In the data below, find each line containing the string "BuildSketch" and return it.

*** Provided information Section Begins ***

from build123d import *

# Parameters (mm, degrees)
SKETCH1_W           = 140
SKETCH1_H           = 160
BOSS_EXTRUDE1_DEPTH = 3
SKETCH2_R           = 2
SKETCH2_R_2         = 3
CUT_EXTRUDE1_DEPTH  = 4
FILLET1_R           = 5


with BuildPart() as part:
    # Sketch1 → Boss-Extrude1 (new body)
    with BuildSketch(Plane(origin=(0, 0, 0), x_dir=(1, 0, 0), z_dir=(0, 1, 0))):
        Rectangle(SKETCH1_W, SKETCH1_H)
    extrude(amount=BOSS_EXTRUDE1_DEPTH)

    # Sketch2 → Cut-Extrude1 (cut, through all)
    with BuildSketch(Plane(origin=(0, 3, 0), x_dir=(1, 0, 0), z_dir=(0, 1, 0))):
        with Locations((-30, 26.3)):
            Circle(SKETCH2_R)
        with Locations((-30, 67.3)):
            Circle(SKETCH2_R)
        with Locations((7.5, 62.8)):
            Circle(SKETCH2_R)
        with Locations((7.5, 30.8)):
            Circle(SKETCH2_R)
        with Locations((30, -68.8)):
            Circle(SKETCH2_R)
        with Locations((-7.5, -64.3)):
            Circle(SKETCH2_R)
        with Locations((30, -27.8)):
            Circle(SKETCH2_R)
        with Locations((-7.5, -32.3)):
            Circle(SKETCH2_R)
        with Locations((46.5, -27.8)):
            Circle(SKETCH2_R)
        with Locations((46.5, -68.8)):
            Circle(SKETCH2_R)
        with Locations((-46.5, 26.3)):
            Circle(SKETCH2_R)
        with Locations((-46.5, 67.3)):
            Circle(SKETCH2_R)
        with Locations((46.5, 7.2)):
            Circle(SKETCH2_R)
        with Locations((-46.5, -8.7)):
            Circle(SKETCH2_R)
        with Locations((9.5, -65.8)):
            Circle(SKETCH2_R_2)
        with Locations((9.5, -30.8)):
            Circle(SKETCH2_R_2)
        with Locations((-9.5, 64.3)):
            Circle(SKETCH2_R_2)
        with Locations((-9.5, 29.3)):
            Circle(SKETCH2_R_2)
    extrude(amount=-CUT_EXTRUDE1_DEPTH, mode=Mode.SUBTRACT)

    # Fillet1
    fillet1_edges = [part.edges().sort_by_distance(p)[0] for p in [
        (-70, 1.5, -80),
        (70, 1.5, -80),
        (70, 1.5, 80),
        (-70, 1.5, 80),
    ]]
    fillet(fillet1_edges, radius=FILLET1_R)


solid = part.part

*** Provided information Section Ends ***

Response:
    with BuildSketch(Plane(origin=(0, 0, 0), x_dir=(1, 0, 0), z_dir=(0, 1, 0))):
    with BuildSketch(Plane(origin=(0, 3, 0), x_dir=(1, 0, 0), z_dir=(0, 1, 0))):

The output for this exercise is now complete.